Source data
::::
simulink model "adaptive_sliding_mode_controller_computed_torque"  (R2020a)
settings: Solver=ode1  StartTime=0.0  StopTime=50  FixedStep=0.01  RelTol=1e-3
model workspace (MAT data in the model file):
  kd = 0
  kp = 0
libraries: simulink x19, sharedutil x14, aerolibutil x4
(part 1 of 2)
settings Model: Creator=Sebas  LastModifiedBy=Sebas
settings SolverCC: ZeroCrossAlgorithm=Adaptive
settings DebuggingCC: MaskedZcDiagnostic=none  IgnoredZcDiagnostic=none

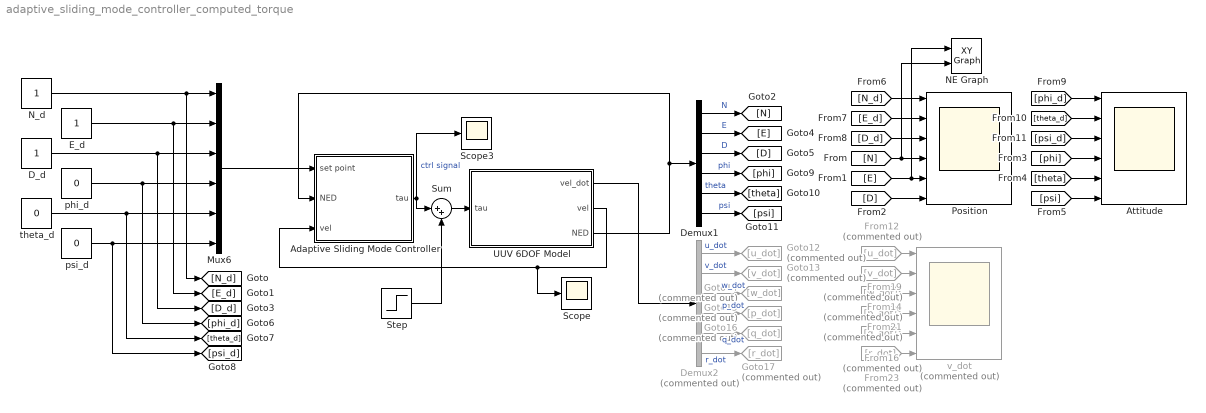
== system adaptive_sliding_mode_controller_computed_torque ==
  Adaptive Sliding Mode Controller : Subsystem
  Attitude : Scope  NumInputPorts=6
  D_d : Constant
  Demux1 : Demux  Outputs=6
  Demux2 : Demux  Commented=on  Outputs=6
  E_d : Constant
  From12 : From  Commented=on  GotoTag=u_dot
  From14 : From  Commented=on  GotoTag=w_dot
  From16 : From  Commented=on  GotoTag=q_dot
  From19 : From  Commented=on  GotoTag=v_dot
  From21 : From  Commented=on  GotoTag=p_dot
  From23 : From  Commented=on  GotoTag=r_dot
  Goto12 : Goto  Commented=on  GotoTag=u_dot
  Goto13 : Goto  Commented=on  GotoTag=v_dot
  Goto14 : Goto  Commented=on  GotoTag=w_dot
  Goto15 : Goto  Commented=on  GotoTag=p_dot
  Goto16 : Goto  Commented=on  GotoTag=q_dot
  Goto17 : Goto  Commented=on  GotoTag=r_dot
  Mux6 : Mux  Inputs=6
  NE Graph : simulink/Sinks/XY Graph  xmin=-1  xmax=5  ymin=-1  ymax=2  st=-1
  N_d : Constant
  Position : Scope  NumInputPorts=6
  Scope : Scope
  Scope3 : Scope
  Step : Step  Time=20  After=[30;30;30;5;5;5]  SampleTime=0
  Sum : Sum  Inputs=|++
  UUV 6DOF Model : Subsystem
  phi_d : Constant  Value=0
  psi_d : Constant  Value=0
  theta_d : Constant  Value=0
  v_dot : Scope  Commented=on  NumInputPorts=6
  wires:
  UUV 6DOF Model/3(NED) -> Adaptive Sliding Mode Controller/2(NED), Demux1/1
  Adaptive Sliding Mode Controller/1(tau) -> Sum/1, Scope3/1  "ctrl signal"
  [N_d] -> Position/1
  [E_d] -> Position/2
  [D_d] -> Position/3
  [N] -> Position/4, NE Graph/2
  [D] -> Position/6
  [E] -> Position/5, NE Graph/1
  Demux1/1 -> [N]  "N"
  Demux1/2 -> [E]  "E"
  Demux1/3 -> [D]  "D"
  [phi_d] -> Attitude/1
  [phi] -> Attitude/4
  [psi_d] -> Attitude/3
  [theta] -> Attitude/5
  [psi] -> Attitude/6
  [theta_d] -> Attitude/2
  Demux1/4 -> [phi]  "phi"
  Demux1/5 -> [theta]  "theta"
  Demux1/6 -> [psi]  "psi"
  UUV 6DOF Model/2(vel) -> Adaptive Sliding Mode Controller/3(vel), Scope/1
  UUV 6DOF Model/1(vel_dot) -> Demux2/1
  From12/1 -> v_dot/1
  From19/1 -> v_dot/2
  From14/1 -> v_dot/3
  From21/1 -> v_dot/4
  From16/1 -> v_dot/5
  From23/1 -> v_dot/6
  Demux2/1 -> Goto12/1  "u_dot"
  Demux2/5 -> Goto16/1  "q_dot"
  Demux2/3 -> Goto14/1  "w_dot"
  Demux2/6 -> Goto17/1  "r_dot"
  Demux2/4 -> Goto15/1  "p_dot"
  Demux2/2 -> Goto13/1  "v_dot"
  D_d/1 -> Mux6/3, [D_d]
  theta_d/1 -> [theta_d], Mux6/5
  Mux6/1 -> Adaptive Sliding Mode Controller/1(set point)
  phi_d/1 -> Mux6/4, [phi_d]
  E_d/1 -> [E_d], Mux6/2
  N_d/1 -> [N_d], Mux6/1
  psi_d/1 -> [psi_d], Mux6/6
  Sum/1 -> UUV 6DOF Model/1(tau)
  Step/1 -> Sum/2

== system adaptive_sliding_mode_controller_computed_torque/Adaptive Sliding Mode Controller ==
  set point : Inport
  NED : Inport  Port=2
  vel : Inport  Port=3
  ASMCs : Subsystem  Commented=on  mask(6 DOF Sliding Mode Controller){surge_k=10, sway_k=10, heave_k=2, roll_k=13, pitch_k=1, yaw_k=25, lambda=1, Kmin=0.001, k_alpha=0.002, miu=0.01}
      mask prompts: surge_k "Surge"; sway_k "Sway"; heave_k "Heave"; roll_k "Roll"; pitch_k "Pitch"; yaw_k "Yaw"
      mask help: Implementation of 6 Sliding Mode Controllers for each degree of freedom
      mask DialogControl ParameterGroupVar Prompt: K2 Gains
      mask DialogControl Container3 Prompt: Adaptation Law for K1
  ASMCs1 : Subsystem  Commented=on  mask(6 DOF Sliding Mode Controller){surge_k=3, sway_k=3, heave_k=1, roll_k=5, pitch_k=1, yaw_k=20, lambda=1, Kmin=0.005, k_alpha=0.0019, miu=0.01}
      mask prompts: surge_k "Surge"; sway_k "Sway"; heave_k "Heave"; roll_k "Roll"; pitch_k "Pitch"; yaw_k "Yaw"
      mask help: Implementation of 6 Sliding Mode Controllers for each degree of freedom
      mask DialogControl ParameterGroupVar Prompt: K2 Gains
      mask DialogControl Container3 Prompt: Adaptation Law for K1
  ASMCs2 : Subsystem  mask(6 DOF Sliding Mode Controller){surge_k=1, sway_k=1, heave_k=1, roll_k=5, pitch_k=1, yaw_k=20, lambda=1, Kmin=0.0001, k_alpha=0.1, miu=0.01}
      mask prompts: surge_k "Surge"; sway_k "Sway"; heave_k "Heave"; roll_k "Roll"; pitch_k "Pitch"; yaw_k "Yaw"
      mask help: Implementation of 6 Sliding Mode Controllers for each degree of freedom
      mask DialogControl ParameterGroupVar Prompt: K2 Gains
      mask DialogControl Container3 Prompt: Adaptation Law for K1
  NED to body : Subsystem
  Signal Specification : SignalSpecification  Dimensions=6
  Thrust allocation : Subsystem
  tau : Outport
  wires:
  NED to body/1(Out1) -> ASMCs2/1("position_d ")
  NED/1 -> NED to body/2(NED)
  Signal Specification/1 -> tau/1  "ideal"
  NED to body/2(Out2) -> ASMCs2/2(position)
  Thrust allocation/1(tau) -> Signal Specification/1
  ASMCs2/1(i_tau) -> Thrust allocation/1(ideal_tau)  "ideal_tau"
  vel/1 -> ASMCs2/3(vel)
  set point/1 -> NED to body/1(set point)

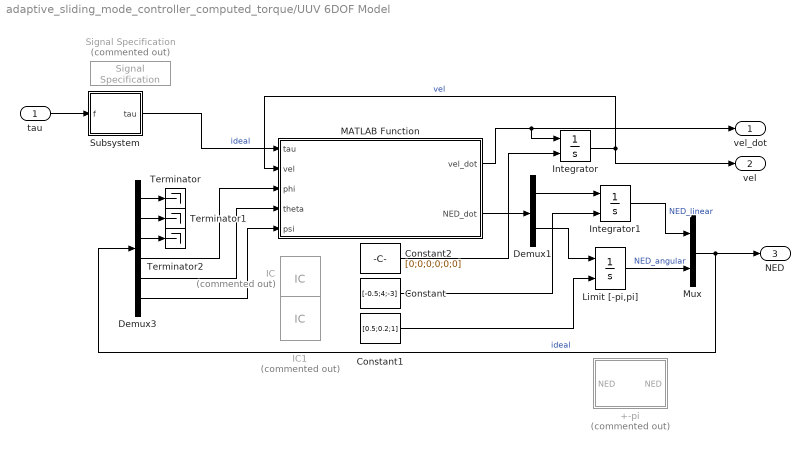
== system adaptive_sliding_mode_controller_computed_torque/UUV 6DOF Model ==
  tau : Inport
  +-pi : MATLAB Function  Commented=on  TreatAsAtomicUnit=on
  Constant : Constant  Value=[-0.5;4;-3]
  Constant1 : Constant  Value=[0.5;0.2;1]
  Constant2 : Constant  Value=[0;0;0;0;0;0]
  Demux1 : Demux  Outputs=2
  Demux3 : Demux  Outputs=6
  IC : InitialCondition  Commented=on  Value=[0;0;0;0;0;0]
  IC1 : InitialCondition  Commented=on  Value=[1;1;1;1;1;1]
  Integrator : Integrator  InitialConditionSource=external
  Integrator1 : Integrator  InitialConditionSource=external
  Limit [-pi,pi] : Integrator  InitialConditionSource=external  WrapState=on
  MATLAB Function : MATLAB Function  TreatAsAtomicUnit=on
  Mux : Mux  Inputs=2
  Signal Specification : SignalSpecification  Commented=on  Dimensions=6
  Subsystem : Subsystem
  Terminator : Terminator
  Terminator1 : Terminator
  Terminator2 : Terminator
  vel_dot : Outport
  vel : Outport  Port=2
  NED : Outport  Port=3
  wires:
  Constant/1 -> Integrator1/2
  Constant1/1 -> Limit [-pi,pi]/2
  Constant2/1 -> Integrator/2
  MATLAB Function/2(NED_dot) -> Demux1/1
  Demux1/1 -> Integrator1/1
  Demux1/2 -> Limit [-pi,pi]/1
  Limit [-pi,pi]/1 -> Mux/2  "NED_angular"
  tau/1 -> Subsystem/1(f)
  Subsystem/1(tau) -> MATLAB Function/1(tau)  "ideal"
  Demux3/3 -> Terminator2/1
  Demux3/1 -> Terminator/1
  Demux3/2 -> Terminator1/1
  Integrator1/1 -> Mux/1  "NED_linear"
  Demux3/6 -> MATLAB Function/5(psi)
  Demux3/5 -> MATLAB Function/4(theta)
  Demux3/4 -> MATLAB Function/3(phi)
  Integrator/1 -> MATLAB Function/2(vel), vel/1  "vel"
  MATLAB Function/1(vel_dot) -> Integrator/1, vel_dot/1
  Mux/1 -> NED/1, Demux3/1  "ideal"

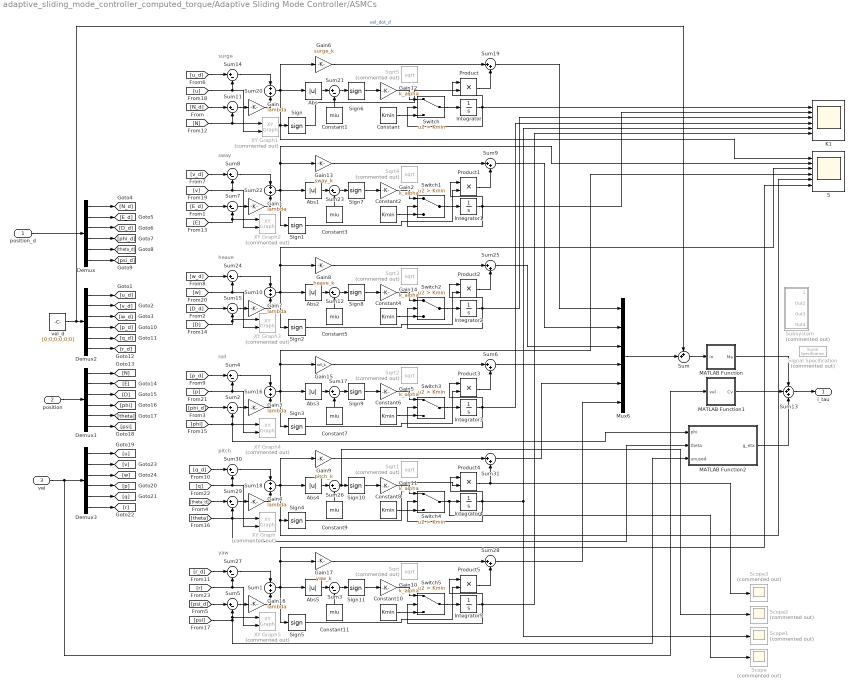
== system adaptive_sliding_mode_controller_computed_torque/Adaptive Sliding Mode Controller/ASMCs ==
  note: surge
  note: sway
  note: heave
  note: roll
  note: pitch
  note: yaw
  "position_d " : Inport
  position : Inport  Port=2
  vel : Inport  Port=3
  Abs{,1..5} (6 alike) : Abs
  Constant{,2,4,6,8,10} (6 alike) : Constant  Value=Kmin
  Constant{1,3,5,7,9,11} (6 alike) : Constant  Value=miu
  Demux{,1..3} (4 alike) : Demux  Outputs=6
  Gain{,1,3..4,7,16} (6 alike) : Gain  Gain=lambda
  Gain{2,5,10..12,14} (6 alike) : Gain  Gain=k_alpha
  Gain13 : Gain  Gain=sway_k
  Gain15 : Gain  Gain=roll_k
  Gain17 : Gain  Gain=yaw_k
  Gain6 : Gain  Gain=surge_k
  Gain8 : Gain  Gain=heave_k
  Gain9 : Gain  Gain=pitch_k
  Integrator{,1..5} (6 alike) : Integrator
  K1 : Scope  NumInputPorts=6
  MATLAB Function : MATLAB Function  TreatAsAtomicUnit=on
  MATLAB Function1 : MATLAB Function  TreatAsAtomicUnit=on
  MATLAB Function2 : MATLAB Function  TreatAsAtomicUnit=on
  Mux6 : Mux  Inputs=6
  Product{,1..5} (6 alike) : Product
  S : Scope  NumInputPorts=6
  Scope{,1..3} (4 alike) : Scope  Commented=on
  Sign{,1..11} (12 alike) : Signum  ZeroCross=off
  Signal Specification : SignalSpecification  Commented=on  Dimensions=6
  Sqrt{,1..5} (6 alike) : Sqrt  Commented=on  SaturateOnIntegerOverflow=on
  Subsystem : Subsystem  Commented=on
  Sum : Sum  Inputs=++|
  Sum{1,10,16,18,20,22} (6 alike) : Sum
  Sum{2..5,7..8,11..12,14..15,17,21,23..24,26..27,29..30} (18 alike) : Sum  Inputs=|+-
  Sum13 : Sum  Inputs=+++
  Sum{6,9,19,25,28,31} (6 alike) : Sum  Inputs=|++
  Switch{,1..5} (6 alike) : Switch  Criteria=u2 > Threshold  Threshold=Kmin
  XY Graph{,3..5} (4 alike) : simulink/Sinks/XY Graph  Commented=on  xmin=-1  xmax=1  ymin=-1  ymax=1  st=-1
  XY Graph1 : simulink/Sinks/XY Graph  Commented=on  xmin=-1  xmax=5  ymin=-1  ymax=1  st=-1
  XY Graph2 : simulink/Sinks/XY Graph  Commented=on  xmin=-1  xmax=5  ymin=-2  ymax=0.5  st=-1
  vel_d : Constant  Value=[0;0;0;0;0;0]
  i_tau : Outport
  wires:
  Sum25/1 -> Mux6/3
  Sum14/1 -> Sum20/1
  Sum11/1 -> Gain/1
  position/1 -> Demux1/1
  Demux1/1 -> [N]
  "position_d "/1 -> Demux/1
  Demux/1 -> [N_d]
  Demux1/2 -> [E]
  Demux/3 -> [D_d]
  Demux1/3 -> [D]
  Demux/4 -> [phi_d]
  Demux1/4 -> [phi]
  Demux/5 -> [theta_d]
  Demux1/5 -> [theta]
  Demux/6 -> [psi_d]
  Demux1/6 -> [psi]
  Sum/1 -> MATLAB Function/1(in)
  Sum13/1 -> i_tau/1
  vel/1 -> MATLAB Function1/1(vel), Demux3/1
  MATLAB Function2/1(g_eta) -> Sum13/3
  MATLAB Function1/1(Cv) -> Sum13/2
  Demux2/1 -> [u_d]
  Demux3/1 -> [u]
  Demux2/2 -> [v_d]
  Demux3/2 -> [v]
  Demux2/3 -> [w_d]
  Demux3/3 -> [w]
  Demux2/4 -> [p_d]
  Demux3/4 -> [p]
  Demux2/5 -> [q_d]
  Demux3/5 -> [q]
  Demux3/6 -> [r]
  Demux2/6 -> [r_d]
  [N_d] -> Sum11/1
  Demux/2 -> [E_d]
  [phi_d] -> Sum2/1
  [u_d] -> Sum14/1
  [p_d] -> Sum4/1
  [r_d] -> Sum27/1
  [N] -> XY Graph1/1, Sum11/2
  [theta] -> MATLAB Function2/2(theta), XY Graph/1, Sum29/2
  [u] -> Sum14/2, XY Graph1/2
  Gain/1 -> Sum20/2
  Sum20/1 -> S/1, Sign/1, Gain6/1, Abs/1
  Gain6/1 -> Sum19/1
  [v_d] -> Sum8/1
  [E_d] -> Sum7/1
  [w_d] -> Sum24/1
  [D_d] -> Sum15/1
  [q_d] -> Sum30/1
  [theta_d] -> Sum29/1
  vel_d/1 -> Sum/1, Demux2/1  "vel_dot_d"
  Mux6/1 -> Sum/2
  MATLAB Function/1(Ma) -> Sum13/1
  Sign/1 -> Product/2
  Switch/1 -> Integrator/1
  Integrator/1 -> Product/1, K1/1, Switch/2
  Constant/1 -> Switch/3
  Sign6/1 -> Gain12/1
  Abs/1 -> Sum21/1
  Constant1/1 -> Sum21/2
  Sum21/1 -> Sign6/1
  Gain12/1 -> Switch/1
  Product/1 -> Sum19/2
  Sum19/1 -> Mux6/1
  Product1/1 -> Sum9/2
  Gain2/1 -> Switch1/1
  Sum23/1 -> Sign7/1
  Constant3/1 -> Sum23/2
  Abs1/1 -> Sum23/1
  Sign7/1 -> Gain2/1
  Constant2/1 -> Switch1/3
  Integrator1/1 -> K1/2, Switch1/2, Product1/1
  Switch1/1 -> Integrator1/1
  Sign1/1 -> Product1/2
  Gain13/1 -> Sum9/1
  Sum22/1 -> S/2, Gain13/1, Abs1/1, Sign1/1
  Gain1/1 -> Sum22/2
  Sum7/1 -> Gain1/1
  Sum8/1 -> Sum22/1
  Sum9/1 -> Mux6/2
  Sum24/1 -> Sum10/1
  Sum15/1 -> Gain7/1
  Gain7/1 -> Sum10/2
  Sum10/1 -> S/3, Gain8/1, Sign2/1, Abs2/1
  Gain8/1 -> Sum25/1
  Sign2/1 -> Product2/2
  Switch2/1 -> Integrator2/1
  Integrator2/1 -> Product2/1, K1/3, Switch2/2
  Constant4/1 -> Switch2/3
  Sign8/1 -> Gain14/1
  Abs2/1 -> Sum12/1
  Constant5/1 -> Sum12/2
  Sum12/1 -> Sign8/1
  Gain14/1 -> Switch2/1
  Product2/1 -> Sum25/2
  [w] -> Sum24/2, XY Graph3/2
  [D] -> XY Graph3/1, Sum15/2
  [psi] -> XY Graph5/1, Sum5/2, MATLAB Function2/3(unused)
  [r] -> XY Graph5/2, Sum27/2
  Product5/1 -> Sum28/2
  Gain10/1 -> Switch5/1
  Sum3/1 -> Sign11/1
  Constant11/1 -> Sum3/2
  Abs5/1 -> Sum3/1
  Sign11/1 -> Gain10/1
  Constant10/1 -> Switch5/3
  Integrator5/1 -> Product5/1, K1/6, Switch5/2
  Switch5/1 -> Integrator5/1
  Sign5/1 -> Product5/2
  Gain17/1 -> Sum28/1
::::
◆ Work item: Print, from the entries above, the line with "UUV 6DOF Model/2(vel)", the line with "ASMCs : Subsystem" and all lines between them, exactly and with nothing else.

◆ The answer:
  UUV 6DOF Model/2(vel) -> Adaptive Sliding Mode Controller/3(vel), Scope/1
  UUV 6DOF Model/1(vel_dot) -> Demux2/1
  From12/1 -> v_dot/1
  From19/1 -> v_dot/2
  From14/1 -> v_dot/3
  From21/1 -> v_dot/4
  From16/1 -> v_dot/5
  From23/1 -> v_dot/6
  Demux2/1 -> Goto12/1  "u_dot"
  Demux2/5 -> Goto16/1  "q_dot"
  Demux2/3 -> Goto14/1  "w_dot"
  Demux2/6 -> Goto17/1  "r_dot"
  Demux2/4 -> Goto15/1  "p_dot"
  Demux2/2 -> Goto13/1  "v_dot"
  D_d/1 -> Mux6/3, [D_d]
  theta_d/1 -> [theta_d], Mux6/5
  Mux6/1 -> Adaptive Sliding Mode Controller/1(set point)
  phi_d/1 -> Mux6/4, [phi_d]
  E_d/1 -> [E_d], Mux6/2
  N_d/1 -> [N_d], Mux6/1
  psi_d/1 -> [psi_d], Mux6/6
  Sum/1 -> UUV 6DOF Model/1(tau)
  Step/1 -> Sum/2

== system adaptive_sliding_mode_controller_computed_torque/Adaptive Sliding Mode Controller ==
  set point : Inport
  NED : Inport  Port=2
  vel : Inport  Port=3
  ASMCs : Subsystem  Commented=on  mask(6 DOF Sliding Mode Controller){surge_k=10, sway_k=10, heave_k=2, roll_k=13, pitch_k=1, yaw_k=25, lambda=1, Kmin=0.001, k_alpha=0.002, miu=0.01}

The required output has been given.